Xilli Jalapeños en Escabeche
These are the pickled jalapeños we’ve always wanted. Spicy and flavorful, with perfect acidity, these aren’t like American-style jalapeños; instead of coins floating in salty pickling juice, they’re rustically julienned and tightly packed with cloves of thinly sliced garlic, onion and herbs (“en escabeche” refers to the pickling method). You can still taste the flavor of the jalapeños themselves, rather than pure spice—they’re sweet, zesty, herby and earthy, delivering a gentle tingle when combined with the vinegar rather than a screaming heat. The peppers are tender and toothsome, and the garlic and onions melt in the mouth.

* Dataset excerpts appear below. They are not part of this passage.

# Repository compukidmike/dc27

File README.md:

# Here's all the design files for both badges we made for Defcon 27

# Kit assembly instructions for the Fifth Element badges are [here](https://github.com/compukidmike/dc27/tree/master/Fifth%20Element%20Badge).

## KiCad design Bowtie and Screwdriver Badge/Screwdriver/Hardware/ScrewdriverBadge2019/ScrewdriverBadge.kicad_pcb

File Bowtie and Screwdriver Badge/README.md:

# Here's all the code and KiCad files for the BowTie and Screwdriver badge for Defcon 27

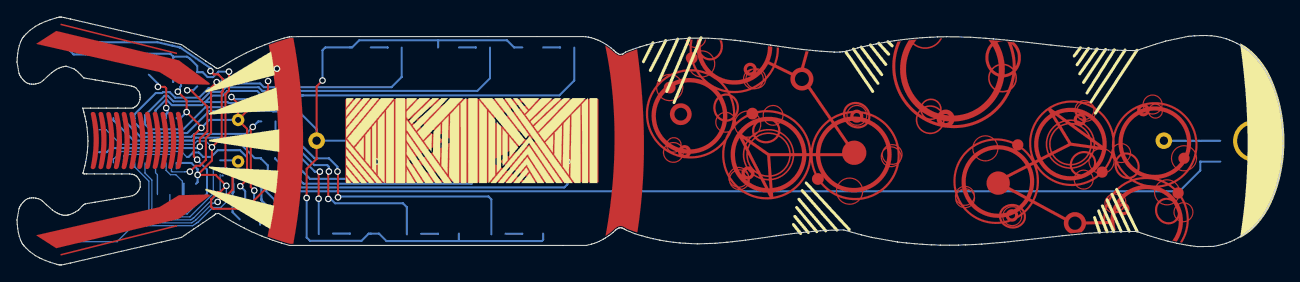
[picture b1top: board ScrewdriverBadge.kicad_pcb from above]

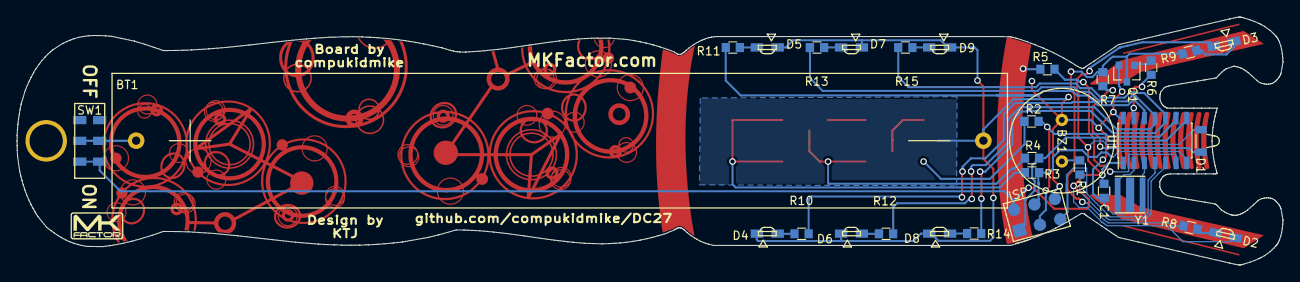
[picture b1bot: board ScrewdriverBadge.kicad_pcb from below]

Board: 2 copper layers, 152.4 x 29.9 mm, 33 parts (32 on the bottom side), 27 nets.

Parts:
BT1: Battery; Battery-2AA-BC12AAPC
BZ1: Buzzer; Buzzer-12.6mm-Murata-PKM13EPYH4000
C1: 0.1uF; R_0603_Mid
D1: LED; LED-IR-RA-OSRAM-SFH-4045N
D2, D3, D4, D5, D6, D7, D8, D9: LED; LTST-S220-LED-RA
ISP: AVR-ISP-6; ISP-AVR-6Pin-SMD
Q1: BC817; SOT-23
R1, R2, R3, R4, R5, R6, R7, R8, R9, R10, R11, R12, R13, R14, R15: R; R_0603_Mid
Ref**: Val**; drawing
SW1: SW_SPST; JS202011JCQN
U1: ATTINY84A-SSU; SOIC-14_3.9x8.7mm_Pitch1.27mm
Y1: Resonator; Resonator-AWSCR-3.7x3.1mm

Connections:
+BATT: C1.1, D1.2, D2.2, D3.2, ISP.2, SW1.1, U1.1
BUZZ: R1.2, U1.5
GND: BT1.2, BZ1.2, C1.2, D4.1, D5.1, D6.1, D7.1, D8.1, D9.1, ISP.6, Q1.2, U1.14, Y1.2
IRLED: R6.2, U1.13
LED1: R10.2, R11.2, U1.12
LED2: R12.2, R13.2, U1.11
LED3: R14.2, R15.2, U1.10
MISO: ISP.1, R3.2, U1.8
MOSI: ISP.4, R4.2, U1.7
unnamed: BT1.1, SW1.2
unnamed: BZ1.1, R1.1
unnamed: D1.1, R7.2
unnamed: D2.1, R8.2
unnamed: D3.1, R9.2
unnamed: D4.2, R10.1
unnamed: D5.2, R11.1
unnamed: D6.2, R12.1
unnamed: D7.2, R13.1
unnamed: D8.2, R14.1
unnamed: D9.2, R15.1
unnamed: Q1.1, R6.1
unnamed: Q1.3, R7.1, R8.1, R9.1
unnamed: R5.2, U1.6
unnamed: U1.2, Y1.3
unnamed: U1.3, Y1.1
RST: ISP.5, U1.4
SCK: ISP.3, R2.2, U1.9

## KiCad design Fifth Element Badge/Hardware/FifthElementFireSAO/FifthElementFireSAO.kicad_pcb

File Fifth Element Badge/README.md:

# Badge Usage
The badge has 2 modes: Bling and Movie. Change modes by pressing the mode button on the back.
Bling mode simply flashes the LEDs.
Movie mode only lights up when you get all 4 stones placed in the correct positions on the badge.

##Stone Retention Strings
We included 4 strings with the badges. These are for tying to the stones so that they can be attached to the badge and not get lost. The stones are heavy and have a tendancy to fall off the badge when worn.

To use the strings, tie them in a loop through the hole in the bottom of the stone. Feed that loop through the small holes in the badge near each stone connector. Then connect the string to the lanyard clip behind the badge. There are two different lengths of string. This is because two of the stones are closer to the lanyard holes. Make sure to put the strings on the correct stones based on their position.

# Kit Assembly Instructions
You will need the following to assemble the element stones:
- Soldering Iron
- Solder
- Tweezers

Here's a video that shows how to assemble the stones:
https://youtu.be/dvJu6TR9gxQ

The resistor packs are color coded and each resistor has a number on it:

| Color | Resistor Value | Number on Resistor | Quantity |
| --- | :---: | :---: | :---: |
| No Color | 10 | 100 | 1 |
| Green | 51 | 510 | 3 |
| Blue | 2k | 202 | 2 |
| Pink | 3.9k | 3901 | 2 |
| Orange | 6.2k | 622 | 2 |
| Yellow | 8.2k | 822 | 2 |

The LEDs have colored stickers on them for Red, Yellow, Green, Blue.

# Badges Available
We had some left after Defcon, so if you're interested in getting a Fifth Element badge, we have some available at https://www.tindie.com/products/compukidmike/fifth-element-stones-badge-from-defcon-27/

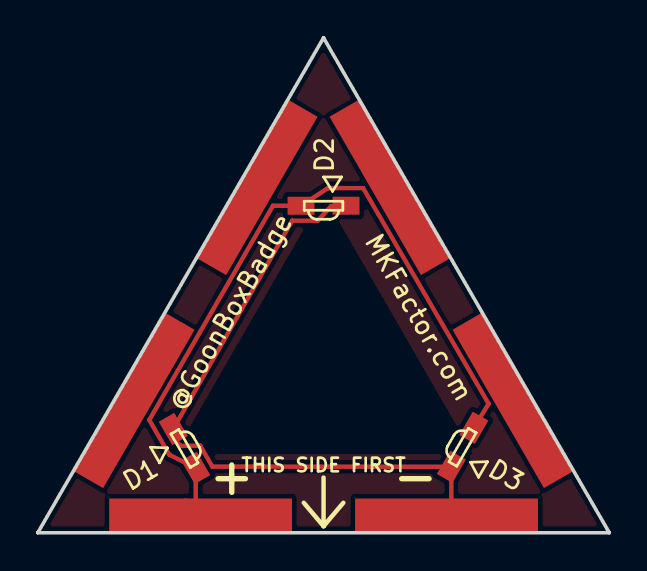
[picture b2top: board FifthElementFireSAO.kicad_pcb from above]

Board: 2 copper layers, 31.8 x 27.5 mm, 6 parts (0 on the bottom side), 2 nets.

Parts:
BT1, BT2, BT3: Battery_Cell; FifthElementB2BBottomConnector
D1, D2, D3: LED; LTST-S220-LED-RA

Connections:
unnamed: BT1.1, BT2.1, BT3.1, D1.2, D2.2, D3.2
unnamed: BT1.2, BT2.2, BT3.2, D1.1, D2.1, D3.1

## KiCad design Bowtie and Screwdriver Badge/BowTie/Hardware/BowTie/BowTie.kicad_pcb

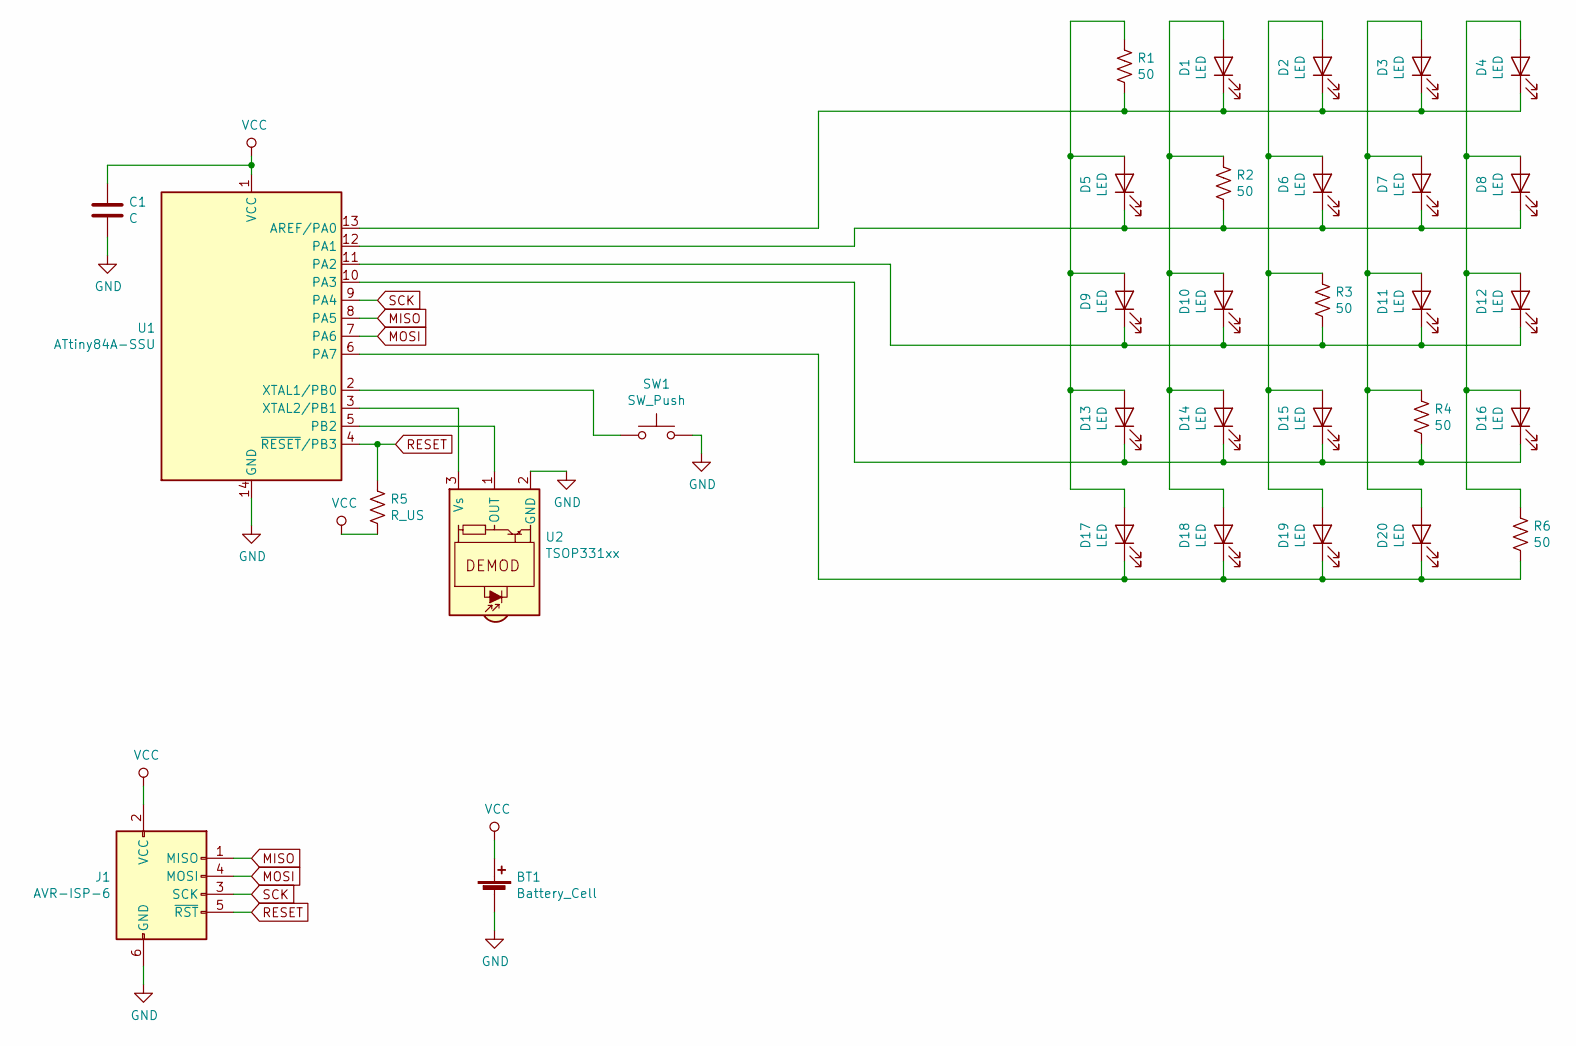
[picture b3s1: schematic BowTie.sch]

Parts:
BT1: Battery_Cell; Linx-BAT-HLD-001
C1: C; C_0603
D1, D2, D3, D4, D5, D6, D7, D8, D9, D10, D11, D12, D13, D14, D15, D16, D17, D18, D19, D20: LED; LED_0603
J1: AVR-ISP-6; ISP-AVR-6Pin-SMD
R1, R2, R3, R4, R6: 50; R_0603
R5: R_US; R_0603
SW1: SW_Push; SW_SPST_PTS645
U1: ATtiny84A-SSU; SOIC-14_3.9x8.7mm_Pitch1.27mm
U2: TSOP331xx; TSOP332-IR-RCV

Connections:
GND: BT1.2 (-), C1.2, J1.6 (GND), SW1.2, U1.14 (GND), U2.2 (GND)
MISO: J1.1 (MISO), U1.8 (PA5)
MOSI: J1.4 (MOSI), U1.7 (PA6)
unnamed: D1.1 (K), D2.1 (K), D3.1 (K), D4.1 (K), R1.2, U1.13 (AREF/PA0)
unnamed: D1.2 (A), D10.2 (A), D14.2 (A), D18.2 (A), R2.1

Xilli Veracruzan Hot Honey
This truly unique hot honey is nothing like the one-dimensional versions of the condiment you may find elsewhere. Single-origin Veracruzan honey gets dimension and complexity from three different types of Mexican chilies, as well as an unexpected twist from an infusion of coffee beans. The coffee and chilies add a deep, tobacco smokiness and fruity, earthy kick of heat, which temper the honey’s floral sweetness. Try it on a charcuterie or cheese plate, grilled pork, pizza, fried chicken and barbecue or in desserts and beverages (we’d love it in horchata or a cocktail)—it packs a bold punch.